| Input for this task |
Content starts
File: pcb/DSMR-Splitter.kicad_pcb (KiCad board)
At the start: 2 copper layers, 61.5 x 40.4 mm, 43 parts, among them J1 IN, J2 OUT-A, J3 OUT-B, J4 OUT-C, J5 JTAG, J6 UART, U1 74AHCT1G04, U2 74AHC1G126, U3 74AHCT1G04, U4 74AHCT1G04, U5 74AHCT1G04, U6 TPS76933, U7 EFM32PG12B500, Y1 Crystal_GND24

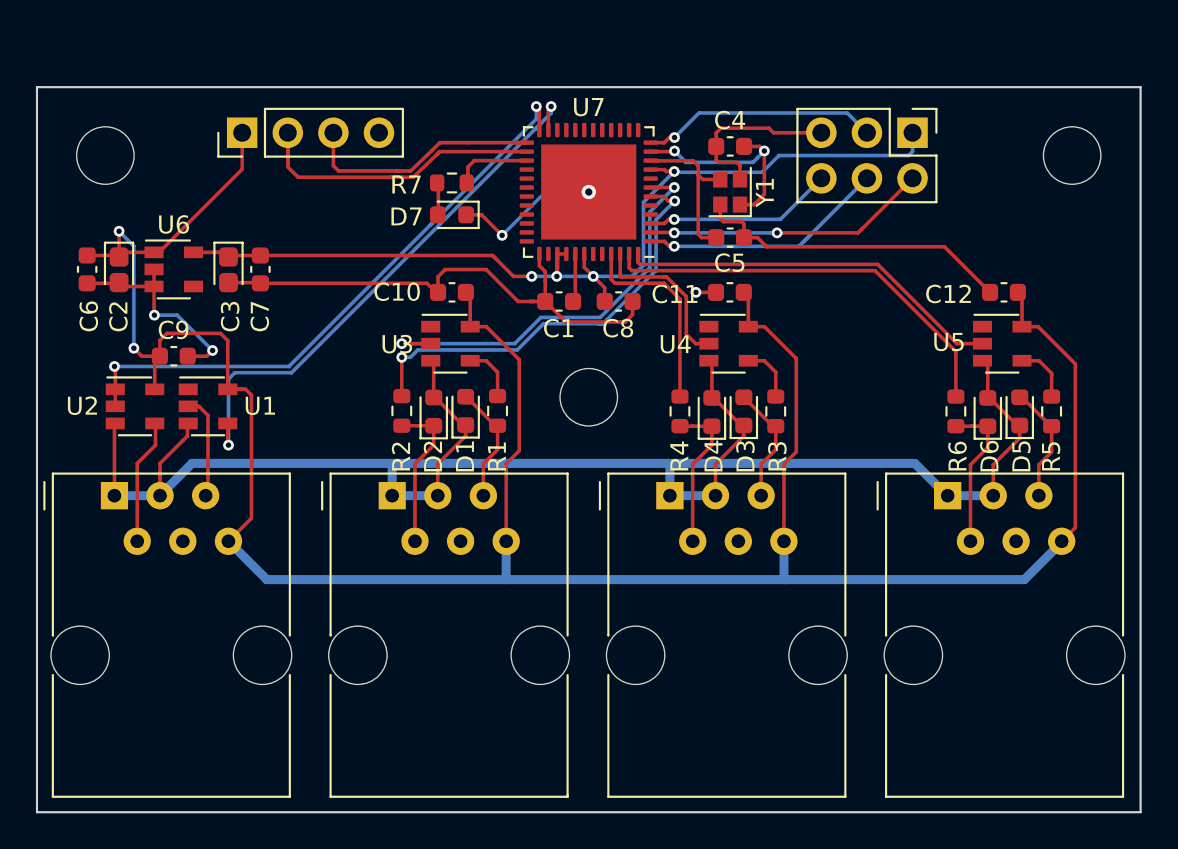
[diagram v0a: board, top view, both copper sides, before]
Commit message: Add board version 2.0.0
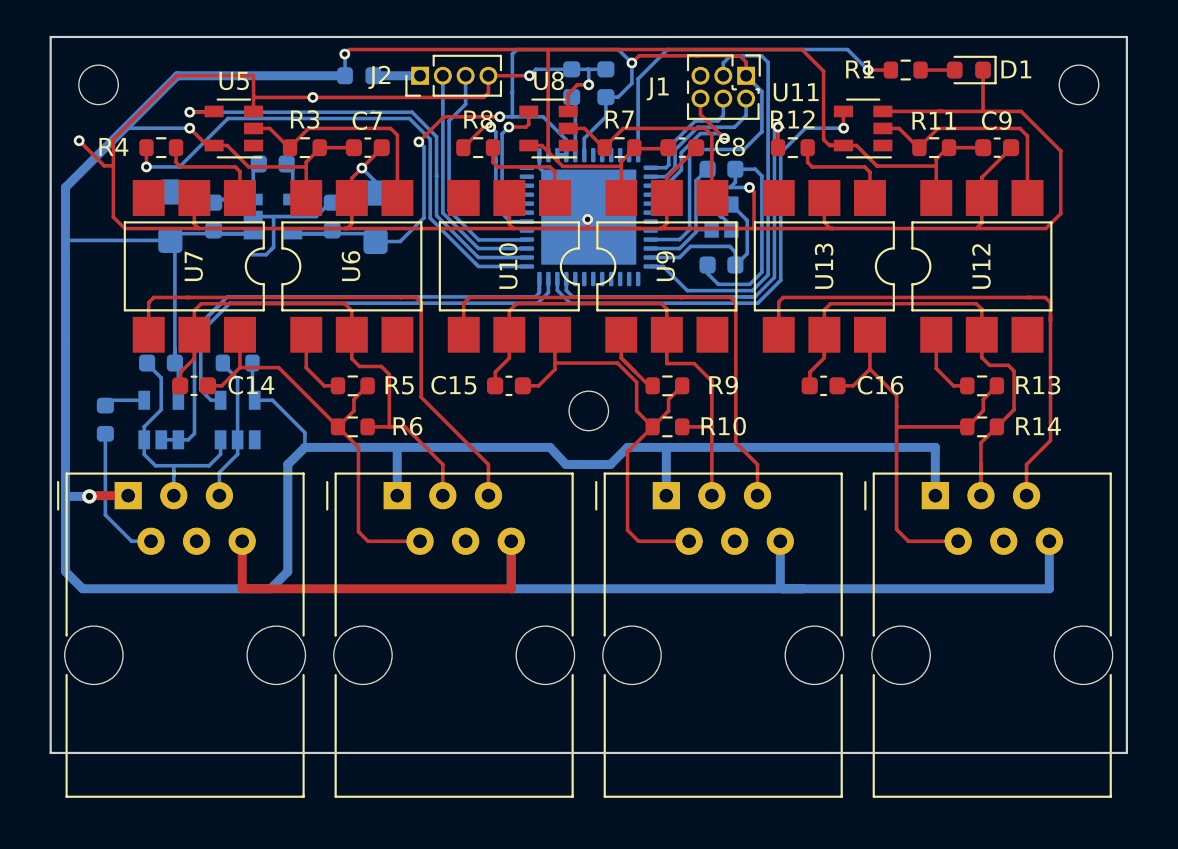
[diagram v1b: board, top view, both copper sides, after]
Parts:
- removed D4, D5, D6: D_TVS, Diode_SMD:D_0603_1608Metric
- removed D7: LED, LED_SMD:LED_0603_1608Metric
- added C13: 1µF, Capacitor_SMD:C_0603_1608Metric, B.Cu at (161.9, 67.6)
- added C14: 100nF, Capacitor_SMD:C_0603_1608Metric, F.Cu at (140.8, 84.5)
- added C15: 100nF, Capacitor_SMD:C_0603_1608Metric, F.Cu at (158.4, 84.5)
- added C16: 100nF, Capacitor_SMD:C_0603_1608Metric, F.Cu at (175.9, 84.5)
- added R10: 100k, Resistor_SMD:R_0603_1608Metric, F.Cu at (167.2, 86.7)
- added R11: 1k, Resistor_SMD:R_0603_1608Metric, F.Cu at (182.1, 71.2)
- added R12: 1k, Resistor_SMD:R_0603_1608Metric, F.Cu at (174.2, 71.2)
- added R13: 2k2, Resistor_SMD:R_0603_1608Metric, F.Cu at (184.7, 84.5)
- added R14: 100k, Resistor_SMD:R_0603_1608Metric, F.Cu at (184.7, 86.7)
- added R8: 1k, Resistor_SMD:R_0603_1608Metric, F.Cu at (156.7, 71.2)
- added R9: 2k2, Resistor_SMD:R_0603_1608Metric, F.Cu at (167.2, 84.5)
- added U10: VOH1016AG-V, Package_DIP:SMDIP-6_W7.62mm, F.Cu at (158.4, 77.8)
- added U11: 74AHCT1G04, Package_TO_SOT_SMD:SOT-23-5, F.Cu at (178.1, 70.1)
- added U12: VOH1016AG-V, Package_DIP:SMDIP-6_W7.62mm, F.Cu at (184.7, 77.8)
- added U13: VOH1016AG-V, Package_DIP:SMDIP-6_W7.62mm, F.Cu at (175.9, 77.8)
- added U8: 74AHCT1G04, Package_TO_SOT_SMD:SOT-23-5, F.Cu at (160.6, 70.1)
- added U9: VOH1016AG-V, Package_DIP:SMDIP-6_W7.62mm, F.Cu at (167.2, 77.8)
- C1: value 1µF -> 100nF; moved to B.Cu
- C10, C6, U4: moved to B.Cu
- C11, C12: value 100nF -> 20pF; moved to B.Cu
- C2: footprint Capacitor_Tantalum_SMD:CP_EIA-1608-08_AVX-J -> Capacitor_Tantalum_SMD:CP_EIA-3216-12_Kemet-S; moved to B.Cu
- C3: value CP -> 100nF; footprint Capacitor_Tantalum_SMD:CP_EIA-1608-08_AVX-J -> Capacitor_SMD:C_0603_1608Metric; moved to B.Cu
- C4: value 20pF -> CP; footprint Capacitor_SMD:C_0603_1608Metric -> Capacitor_Tantalum_SMD:CP_EIA-3216-12_Kemet-S; moved to B.Cu
- C5: value 20pF -> 100nF; moved to B.Cu
- D1: value D_TVS -> LED; footprint Diode_SMD:D_0603_1608Metric -> LED_SMD:LED_0603_1608Metric
- D2, D3: value D_TVS -> 1N4148; moved to B.Cu
- H1, H2, H3: footprint MountingHole:MountingHole_3.2mm_M3 -> MountingHole:MountingHole_2.2mm_M2
- J1: value IN -> JTAG; footprint Connector_RJ:RJ12_Amphenol_54601 -> Connector_PinHeader_1.27mm:PinHeader_2x03_P1.27mm_Vertical
- J2: value OUT-A -> UART; footprint Connector_RJ:RJ12_Amphenol_54601 -> Connector_PinHeader_1.27mm:PinHeader_1x04_P1.27mm_Vertical
- J3: value OUT-B -> IN
- J4: value OUT-C -> OUT-A
- J5: value JTAG -> OUT-B; footprint Connector_PinHeader_2.54mm:PinHeader_2x03_P2.54mm_Vertical -> Connector_RJ:RJ12_Amphenol_54601
- J6: value UART -> OUT-C; footprint Connector_PinHeader_2.54mm:PinHeader_1x04_P2.54mm_Vertical -> Connector_RJ:RJ12_Amphenol_54601
- R2: value 100 -> 1k; moved to B.Cu
- R3, R4, R7: value 100 -> 1k
- R5: value 100 -> 2k2
- R6: value 100 -> 100k
- U1: value 74AHCT1G04 -> EFM32PG12B500; footprint Package_TO_SOT_SMD:SOT-23-5 -> Package_DFN_QFN:QFN-48-1EP_7x7mm_P0.5mm_EP5.3x5.3mm; moved to B.Cu
- U2: value 74AHC1G126 -> TPS76933; moved to B.Cu
- U3: value 74AHCT1G04 -> 74AHC1G126; moved to B.Cu
- U6: value TPS76933 -> VOH1016AG-V; footprint Package_TO_SOT_SMD:SOT-23-5 -> Package_DIP:SMDIP-6_W7.62mm
- U7: value EFM32PG12B500 -> VOH1016AG-V; footprint Package_DFN_QFN:QFN-48-1EP_7x7mm_P0.5mm_EP5.3x5.3mm -> Package_DIP:SMDIP-6_W7.62mm
- Y1: value Crystal_GND24 -> 40MHz; moved to B.Cu
- moved C9 47.3 mm to (185.6, 71.2)
- moved U5 44.4 mm to (143.0, 70.1), turned to 180 degrees
- moved J6 43.6 mm to (182.1, 90.6), turned to 0 degrees
- moved J1 42.2 mm to (171.6, 67.2), turned to 270 degrees
- moved R5 39.0 mm to (149.7, 84.5), turned to 180 degrees
- moved D3 35.6 mm to (135.9, 86.3)
- moved D1 33.9 mm to (184.0, 66.9), turned to 180 degrees
- moved R6 33.6 mm to (149.7, 86.7), turned to 180 degrees
- moved R4 32.4 mm to (139.0, 71.2), turned to 180 degrees
- moved J4 30.7 mm to (152.1, 90.6)
- moved J3 30.2 mm to (137.2, 90.6)
- moved R3 30.1 mm to (147.0, 71.2), turned to 0 degrees
- moved R1 29.6 mm to (180.5, 66.9), turned to 0 degrees
- moved U4 27.7 mm to (143.3, 86.4), turned to 90 degrees
- moved J5 24.4 mm to (167.1, 90.6), turned to 0 degrees
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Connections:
- C1 pad 1: GND -> +5V
- C1 pad 2: Net-(C1-Pad2) -> GND
- C10 pad 1: +5V -> +3V3
- C11 pad 1: +5V -> GND
- C11 pad 2: GND -> Net-(C11-Pad2)
- C12 pad 1: +5V -> GND
- C12 pad 2: GND -> Net-(C12-Pad2)
- C3 pad 1: +3V3 -> Net-(C3-Pad1)
- C4 pad 1: GND -> +3V3
- C4 pad 2: Net-(C4-Pad2) -> GND
- C5 pad 1: GND -> +3V3
- C5 pad 2: Net-(C5-Pad2) -> GND
- C7 pad 1: +3V3 -> +5V
- C8 pad 1: +3V3 -> +5V
- D2 pad 1: Net-(D2-Pad1) -> +5V
- D2 pad 2: GND -> Net-(D2-Pad2)
- D3 pad 1: GND -> Net-(D3-Pad1)
- J1 pad 1: GND -> +3V3
- J1 pad 2: Net-(J1-Pad2) -> /SWDIO
- J1 pad 3: GND -> /RESET
- J1 pad 4: (no net) -> /SWCLK
- J1 pad 5: Net-(J1-Pad5) -> GND
- J1 pad 6: +5V -> /SWO
- J2 pad 1: GND -> Net-(D2-Pad2)
- J2 pad 2: Net-(D2-Pad1) -> /TX
- J2 pad 3: GND -> /RX
- J2 pad 4: (no net) -> GND
- J3 pad 1: GND -> +5V
- J3 pad 2: Net-(D4-Pad1) -> Net-(D3-Pad1)
- J3 pad 5: Net-(D3-Pad2) -> Net-(J3-Pad5)
- J3 pad 6: +5V -> GND
- J4 pad 1: GND -> +5V
- J4 pad 2: Net-(D6-Pad1) -> Net-(C14-Pad2)
- J4 pad 3: GND -> Net-(C14-Pad1)
- J4 pad 5: Net-(D5-Pad2) -> Net-(J4-Pad5)
- J4 pad 6: +5V -> GND
- J5 pad 1: +3V3 -> +5V
- J5 pad 2: /SWDIO -> Net-(C15-Pad2)
- J5 pad 3: /RESET -> Net-(C15-Pad1)
- J5 pad 4: /SWCLK -> (no net)
- J5 pad 5: GND -> Net-(J5-Pad5)
- J5 pad 6: /SWO -> GND
- J6 pad 2: /RX -> Net-(C16-Pad2)
- J6 pad 3: /TX -> Net-(C16-Pad1)
- J6 pad 4: GND -> (no net)
- R1 pad 1: Net-(D1-Pad2) -> /LED
- R1 pad 2: Net-(R1-Pad2) -> Net-(D1-Pad2)
- R2 pad 1: Net-(D2-Pad1) -> +5V
- R2 pad 2: /RTS-A -> Net-(J3-Pad5)
- R3 pad 1: Net-(D3-Pad2) -> Net-(R3-Pad1)
- R3 pad 2: Net-(R3-Pad2) -> +5V
- R4 pad 1: Net-(D4-Pad1) -> Net-(R4-Pad1)
- R4 pad 2: /RTS-B -> /DATA-A
- R5 pad 1: Net-(D5-Pad2) -> Net-(C14-Pad2)
- R6 pad 1: Net-(D6-Pad1) -> Net-(C14-Pad1)
- R6 pad 2: /RTS-C -> Net-(C14-Pad2)
- R7 pad 2: Net-(D7-Pad2) -> +5V
- U1 pad 1: (no net) -> /SWCLK
- U1 pad 2: Net-(J1-Pad5) -> /SWDIO
- U1 pad 3: GND -> /SWO
- U1 pad 4: /DATA -> (no net)
- U1 pad 5: +5V -> (no net)
- U2 pad 1: /RTS -> +5V
- U2 pad 2: /RTS -> GND
- U2 pad 4: Net-(J1-Pad2) -> Net-(C3-Pad1)
- U2 pad 5: +5V -> +3V3
- U3 pad 1: (no net) -> /RTS
- U3 pad 2: /DATA-A -> /RTS
- U3 pad 4: Net-(R1-Pad2) -> Net-(D3-Pad2)
- U4 pad 2: /DATA-B -> Net-(J3-Pad5)
- U4 pad 4: Net-(R3-Pad2) -> /DATA
- U5 pad 2: /DATA-C -> Net-(R3-Pad1)
- U5 pad 4: Net-(R5-Pad2) -> /RTS-A
- U6 pad 1: +5V -> Net-(R5-Pad2)
- U6 pad 2: GND -> Net-(C14-Pad1)
- U6 pad 3: GND -> (no net)
- U6 pad 4: (no net) -> Net-(R3-Pad1)
- U6 pad 5: +3V3 -> GND
- U7 pad 1: /SWCLK -> Net-(R4-Pad1)
- U7 pad 2: /SWDIO -> GND
- U7 pad 3: /SWO -> (no net)
- U7 pad 4: (no net) -> Net-(J4-Pad5)
- U7 pad 5: (no net) -> Net-(C14-Pad1)
- U7 pad 6: /RTS-A -> Net-(C14-Pad2)
- Y1 pad 1: Net-(C4-Pad2) -> Net-(C11-Pad2)
- Y1 pad 3: Net-(C5-Pad2) -> Net-(C12-Pad2)
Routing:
- net GND: track 174.7 -> 254.9 mm, vias 5 -> 7
- net +5V: track 144.3 -> 214.4 mm, vias 2 -> 3
- net Net-(J4-Pad5): track 0.00 -> 30.5 mm
- net Net-(C16-Pad1): track 0.00 -> 29.2 mm
- net Net-(J6-Pad5): track 0.00 -> 29.0 mm
- net Net-(J5-Pad5): track 0.00 -> 28.5 mm
- net Net-(C14-Pad1): track 0.00 -> 28.4 mm
- net Net-(C15-Pad1): track 0.00 -> 27.5 mm
- net Net-(C15-Pad2): track 0.00 -> 25.1 mm
- net Net-(C16-Pad2): track 0.00 -> 24.3 mm
- net Net-(C14-Pad2): track 0.00 -> 23.8 mm
- net /LED: track 0.00 -> 19.5 mm, vias 0 -> 1
- net Net-(R11-Pad1): track 0.00 -> 12.6 mm
- net Net-(R3-Pad1): track 0.00 -> 12.6 mm
- net Net-(C4-Pad2): track 12.5 -> 0.00 mm, vias 2 -> 0
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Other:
- board size 61.5 x 40.4 mm -> 59.9 x 39.9 mm
- board text added: "BasilFX 03/2022 V2.0.0"
- board text removed: "BasilFX 09/2021 V1.0.0"

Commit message: Upgrade project to KiCad 6.0
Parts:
- C2, C4: value CP -> C_Polarized
- U2: value TPS76933 -> TPS76901
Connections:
- net Net-(C14-Pad1) renamed /GND-A
- net Net-(C14-Pad2) renamed /VCC-A
- net Net-(C15-Pad1) renamed /GND-B
- net Net-(C15-Pad2) renamed /VCC-B
- net Net-(C16-Pad1) renamed /GND-C
- net Net-(C16-Pad2) renamed /VCC-C
- J3 pad 4: (no net) -> unconnected-(J3-Pad4)
- J4 pad 4: (no net) -> unconnected-(J4-Pad4)
- J5 pad 4: (no net) -> unconnected-(J5-Pad4)
- J6 pad 4: (no net) -> unconnected-(J6-Pad4)
- U1 pad 13: (no net) -> unconnected-(U1-Pad13)
- U1 pad 14: (no net) -> unconnected-(U1-Pad14)
- U1 pad 15: (no net) -> unconnected-(U1-Pad15)
- U1 pad 16: (no net) -> unconnected-(U1-Pad16)
- U1 pad 17: (no net) -> unconnected-(U1-Pad17)
- U1 pad 18: (no net) -> unconnected-(U1-Pad18)
- U1 pad 19: (no net) -> unconnected-(U1-Pad19)
- U1 pad 20: (no net) -> unconnected-(U1-Pad20)
- U1 pad 29: (no net) -> unconnected-(U1-Pad29)
- U1 pad 32: (no net) -> unconnected-(U1-Pad32)
- U1 pad 33: (no net) -> unconnected-(U1-Pad33)
- U1 pad 34: (no net) -> unconnected-(U1-Pad34)
- U1 pad 35: (no net) -> unconnected-(U1-Pad35)
- U1 pad 36: (no net) -> unconnected-(U1-Pad36)
- U1 pad 38: (no net) -> unconnected-(U1-Pad38)
- U1 pad 4: (no net) -> unconnected-(U1-Pad4)
- U1 pad 43: (no net) -> unconnected-(U1-Pad43)
- U1 pad 44: (no net) -> unconnected-(U1-Pad44)
- U1 pad 45: (no net) -> unconnected-(U1-Pad45)
- U1 pad 46: (no net) -> unconnected-(U1-Pad46)
- U1 pad 47: (no net) -> unconnected-(U1-Pad47)
- U1 pad 5: (no net) -> unconnected-(U1-Pad5)
- U1 pad 6: (no net) -> unconnected-(U1-Pad6)
- U1 pad 7: (no net) -> unconnected-(U1-Pad7)
- U1 pad 8: (no net) -> unconnected-(U1-Pad8)
- U10 pad 3: (no net) -> unconnected-(U10-Pad3)
- U12 pad 3: (no net) -> unconnected-(U12-Pad3)
- U13 pad 3: (no net) -> unconnected-(U13-Pad3)
- U6 pad 3: (no net) -> unconnected-(U6-Pad3)
- U7 pad 3: (no net) -> unconnected-(U7-Pad3)
- U9 pad 3: (no net) -> unconnected-(U9-Pad3)
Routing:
- net GND: track 254.9 -> 245.0 mm
- net +5V: track 214.4 -> 222.4 mm
- net /GND-C: track 29.2 -> 26.1 mm
- net /RTS: track 31.0 -> 28.6 mm
- net Net-(R9-Pad2): track 4.80 -> 3.49 mm
- net +3V3: track 65.2 -> 63.9 mm
- net Net-(J4-Pad5): track 30.5 -> 29.5 mm
- net /DATA-C: track 23.1 -> 22.4 mm
- net Net-(J6-Pad5): track 29.0 -> 28.5 mm
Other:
- net class Default removed
- net class Power removed
- board text added: "BasilFX 10/2022 V2.1.0"
- board text removed: "BasilFX 03/2022 V2.0.0"
Content ends
| Directions for this task |
All lines in the entries above that hold the word "degrees" need to be copied.

| Output |
- moved U5 44.4 mm to (143.0, 70.1), turned to 180 degrees
- moved J6 43.6 mm to (182.1, 90.6), turned to 0 degrees
- moved J1 42.2 mm to (171.6, 67.2), turned to 270 degrees
- moved R5 39.0 mm to (149.7, 84.5), turned to 180 degrees
- moved D1 33.9 mm to (184.0, 66.9), turned to 180 degrees
- moved R6 33.6 mm to (149.7, 86.7), turned to 180 degrees
- moved R4 32.4 mm to (139.0, 71.2), turned to 180 degrees
- moved R3 30.1 mm to (147.0, 71.2), turned to 0 degrees
- moved R1 29.6 mm to (180.5, 66.9), turned to 0 degrees
- moved U4 27.7 mm to (143.3, 86.4), turned to 90 degrees
- moved J5 24.4 mm to (167.1, 90.6), turned to 0 degrees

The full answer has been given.